Since we had 40 individuals or rows, we generated 40 y-values 0-39, with the 1st row left as that of feature column variable names. File is named as Phenotype.txt . We decided to use several machine learning methods, such as logistic regression, naïve bayes, gradient boosting, bagging, and adaboost, and deploy enhanced form of exhaustive multi-layer perceptron (MLP= in the form of DNN by incorporating early stopping criteria to avoid overfitting, using rectified linear unit (ReLU) as activation function to reduce weight adjustment time and addressing the vanishing gradient problem.

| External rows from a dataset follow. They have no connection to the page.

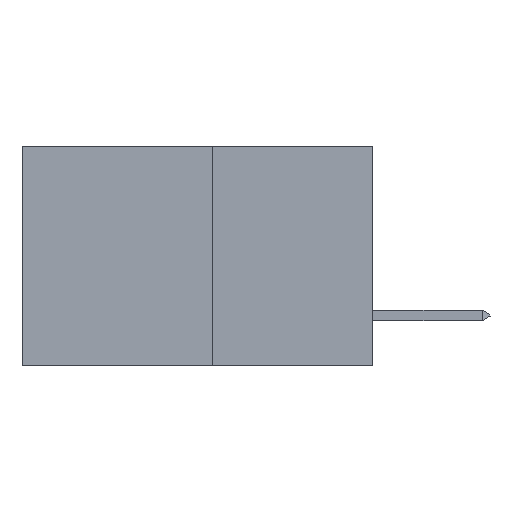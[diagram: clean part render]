
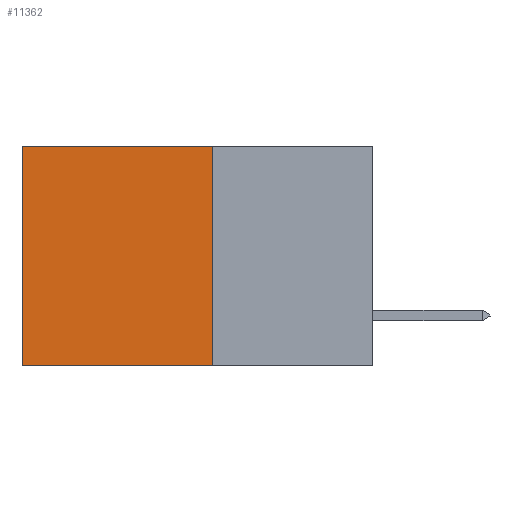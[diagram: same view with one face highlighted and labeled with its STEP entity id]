
A CAD part, left-side view. The second image highlights one B-rep face of the part: STEP entity #11362.
In plain terms, the highlighted planar face has unit normal (-1, 0, 0).
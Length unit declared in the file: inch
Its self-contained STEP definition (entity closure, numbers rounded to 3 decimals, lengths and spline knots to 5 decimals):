
#1079 = VECTOR ( 'NONE', #17442, 39.37008 ) ;
#1500 = EDGE_CURVE ( 'NONE', #7883, #14516, #18355, .T. ) ;
#1746 = ORIENTED_EDGE ( 'NONE', *, *, #1500, .T. ) ;
#3264 = EDGE_CURVE ( 'NONE', #14516, #16436, #11855, .T. ) ;
#3547 = CARTESIAN_POINT ( 'NONE',  ( 0.277, 0.27, -0.37 ) ) ;
#3775 = ORIENTED_EDGE ( 'NONE', *, *, #3264, .T. ) ;
#4138 = LINE ( 'NONE', #3547, #16605 ) ;
#5036 = CARTESIAN_POINT ( 'NONE',  ( 0.277, 0.59, 0. ) ) ;
#6547 = DIRECTION ( 'NONE',  ( 0., 0., -1. ) ) ;
#6952 = CARTESIAN_POINT ( 'NONE',  ( 0.277, 0.27, -0.37 ) ) ;
#6996 = VERTEX_POINT ( 'NONE', #6952 ) ;
#7024 = PLANE ( 'NONE',  #10077 ) ;
#7187 = ORIENTED_EDGE ( 'NONE', *, *, #15791, .F. ) ;
#7401 = EDGE_CURVE ( 'NONE', #6996, #16436, #4138, .T. ) ;
#7403 = CARTESIAN_POINT ( 'NONE',  ( 0.277, 0.27, -0.37 ) ) ;
#7637 = EDGE_LOOP ( 'NONE', ( #3775, #11732, #7187, #1746 ) ) ;
#7883 = VERTEX_POINT ( 'NONE', #10497 ) ;
#7979 = VECTOR ( 'NONE', #6547, 39.37008 ) ;
#8386 = LINE ( 'NONE', #7403, #1079 ) ;
#9959 = DIRECTION ( 'NONE',  ( 0., 0., -1. ) ) ;
#10077 = AXIS2_PLACEMENT_3D ( 'NONE', #17086, #18496, #9959 ) ;
#10497 = CARTESIAN_POINT ( 'NONE',  ( 0.277, 0.27, 0. ) ) ;
#10782 = VECTOR ( 'NONE', #13919, 39.37008 ) ;
#11362 = ADVANCED_FACE ( 'NONE', ( #16689 ), #7024, .F. ) ;
#11732 = ORIENTED_EDGE ( 'NONE', *, *, #7401, .F. ) ;
#11855 = LINE ( 'NONE', #11874, #7979 ) ;
#11874 = CARTESIAN_POINT ( 'NONE',  ( 0.277, 0.59, -0.37 ) ) ;
#13685 = DIRECTION ( 'NONE',  ( 0., 1., 0. ) ) ;
#13919 = DIRECTION ( 'NONE',  ( 0., 1., 0. ) ) ;
#14516 = VERTEX_POINT ( 'NONE', #5036 ) ;
#14567 = CARTESIAN_POINT ( 'NONE',  ( 0.277, 0.27, 0. ) ) ;
#14617 = CARTESIAN_POINT ( 'NONE',  ( 0.277, 0.59, -0.37 ) ) ;
#15791 = EDGE_CURVE ( 'NONE', #7883, #6996, #8386, .T. ) ;
#16436 = VERTEX_POINT ( 'NONE', #14617 ) ;
#16605 = VECTOR ( 'NONE', #13685, 39.37008 ) ;
#16689 = FACE_OUTER_BOUND ( 'NONE', #7637, .T. ) ;
#17086 = CARTESIAN_POINT ( 'NONE',  ( 0.277, 0.27, -0.37 ) ) ;
#17442 = DIRECTION ( 'NONE',  ( 0., 0., -1. ) ) ;
#18355 = LINE ( 'NONE', #14567, #10782 ) ;
#18496 = DIRECTION ( 'NONE',  ( 1., 0., 0. ) ) ;
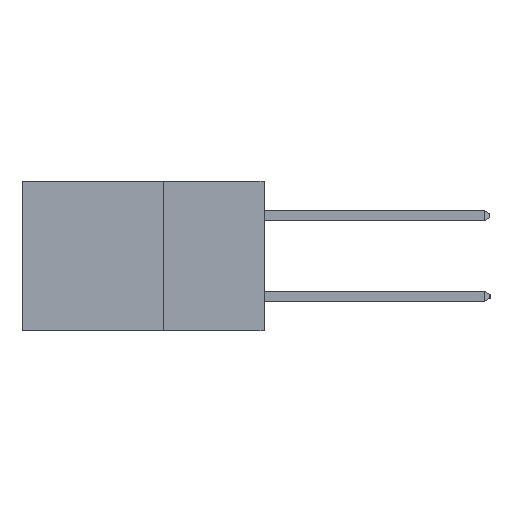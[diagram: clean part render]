
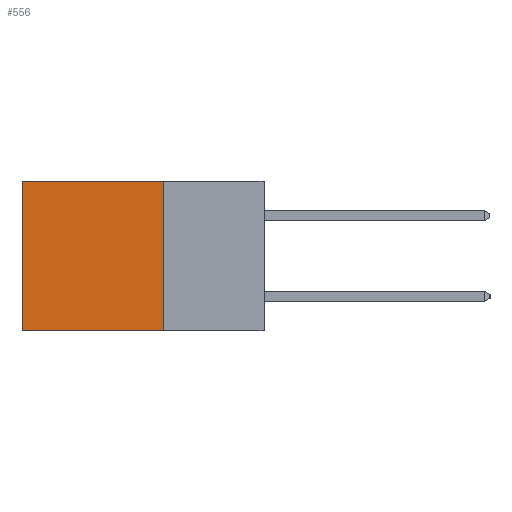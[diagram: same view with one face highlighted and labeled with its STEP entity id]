
A CAD part, left-side view. The second image highlights one B-rep face of the part: STEP entity #556.
In plain terms, the highlighted planar face has unit normal (-1, 0, 0).
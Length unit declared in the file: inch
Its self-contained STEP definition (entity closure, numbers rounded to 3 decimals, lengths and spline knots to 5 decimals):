
#556 = ADVANCED_FACE ( 'NONE', ( #11640 ), #8445, .F. ) ;
#686 = CARTESIAN_POINT ( 'NONE',  ( 0.2615, 0.25, 0. ) ) ;
#1079 = CARTESIAN_POINT ( 'NONE',  ( 0.2615, 0.6, 0. ) ) ;
#1265 = EDGE_CURVE ( 'NONE', #2287, #4891, #8644, .T. ) ;
#1944 = VECTOR ( 'NONE', #16565, 39.37008 ) ;
#2058 = AXIS2_PLACEMENT_3D ( 'NONE', #8462, #14709, #3260 ) ;
#2287 = VERTEX_POINT ( 'NONE', #8846 ) ;
#2545 = ORIENTED_EDGE ( 'NONE', *, *, #14452, .F. ) ;
#2670 = ORIENTED_EDGE ( 'NONE', *, *, #6091, .T. ) ;
#3260 = DIRECTION ( 'NONE',  ( 0., 0., -1. ) ) ;
#3715 = CARTESIAN_POINT ( 'NONE',  ( 0.2615, 0.25, 0. ) ) ;
#4218 = VECTOR ( 'NONE', #13601, 39.37008 ) ;
#4793 = VECTOR ( 'NONE', #10423, 39.37008 ) ;
#4891 = VERTEX_POINT ( 'NONE', #13423 ) ;
#5221 = LINE ( 'NONE', #3715, #4793 ) ;
#5712 = DIRECTION ( 'NONE',  ( 0., 0., -1. ) ) ;
#6091 = EDGE_CURVE ( 'NONE', #14669, #8744, #5221, .T. ) ;
#6899 = EDGE_LOOP ( 'NONE', ( #13784, #8869, #2545, #2670 ) ) ;
#8445 = PLANE ( 'NONE',  #2058 ) ;
#8462 = CARTESIAN_POINT ( 'NONE',  ( 0.2615, 0.25, -0.37 ) ) ;
#8467 = CARTESIAN_POINT ( 'NONE',  ( 0.2615, 0.6, -0.37 ) ) ;
#8644 = LINE ( 'NONE', #12233, #4218 ) ;
#8744 = VERTEX_POINT ( 'NONE', #1079 ) ;
#8846 = CARTESIAN_POINT ( 'NONE',  ( 0.2615, 0.25, -0.37 ) ) ;
#8869 = ORIENTED_EDGE ( 'NONE', *, *, #1265, .F. ) ;
#9603 = EDGE_CURVE ( 'NONE', #8744, #4891, #16702, .T. ) ;
#10423 = DIRECTION ( 'NONE',  ( 0., 1., 0. ) ) ;
#11640 = FACE_OUTER_BOUND ( 'NONE', #6899, .T. ) ;
#12233 = CARTESIAN_POINT ( 'NONE',  ( 0.2615, 0.25, -0.37 ) ) ;
#13199 = VECTOR ( 'NONE', #5712, 39.37008 ) ;
#13423 = CARTESIAN_POINT ( 'NONE',  ( 0.2615, 0.6, -0.37 ) ) ;
#13601 = DIRECTION ( 'NONE',  ( 0., 1., 0. ) ) ;
#13784 = ORIENTED_EDGE ( 'NONE', *, *, #9603, .T. ) ;
#14452 = EDGE_CURVE ( 'NONE', #14669, #2287, #16792, .T. ) ;
#14669 = VERTEX_POINT ( 'NONE', #686 ) ;
#14709 = DIRECTION ( 'NONE',  ( 1., 0., 0. ) ) ;
#15138 = CARTESIAN_POINT ( 'NONE',  ( 0.2615, 0.25, -0.37 ) ) ;
#16565 = DIRECTION ( 'NONE',  ( 0., 0., -1. ) ) ;
#16702 = LINE ( 'NONE', #8467, #1944 ) ;
#16792 = LINE ( 'NONE', #15138, #13199 ) ;

We also introduce an exhaustive nature of exploration for the right hidden layer and hidden units by varying the number of layers and number of hidden units in the DNN in a loop. Each time the best scores were chosen for its number of hidden layers and units. This exhaustive nature of DNN, when the range was given in realistic bound proved more useful than simply adding hidden layers as in a typical DNN, and thereby gave profound results, so this approach is called ‘ExhaustiveDNN’. The scripts ExhaustiveDNN.ipynb and ExhaustiveDNN.py are provided in DMWAS and feeds in MultiColDIPsScoredEncoded.txt as input file. The script internally looks for all columns with any null values that are removed before modeling. The data file was also separately checked for Null values and minor allele frequency (MAF) of at least 5% and the resulting encoded file is available at DMWAS as NullMafMultiColDIPsScoredEncoded.txt, which can be used as an alternative. From this file applying F-Test criteria for each of the feature columns we chose the top 1% of the feature set as the final data that the deep and machine learning scripts would work on. Feature set optimization has been an active area of research recently such as what we see in article [31]. Article [27] talks about various applications of deep learning in different spheres of biology, and to which ExhaustiveDNN as part of DMWAS with the DivScoreEncoding methodology can play vital role as it is exhibited in the results section later.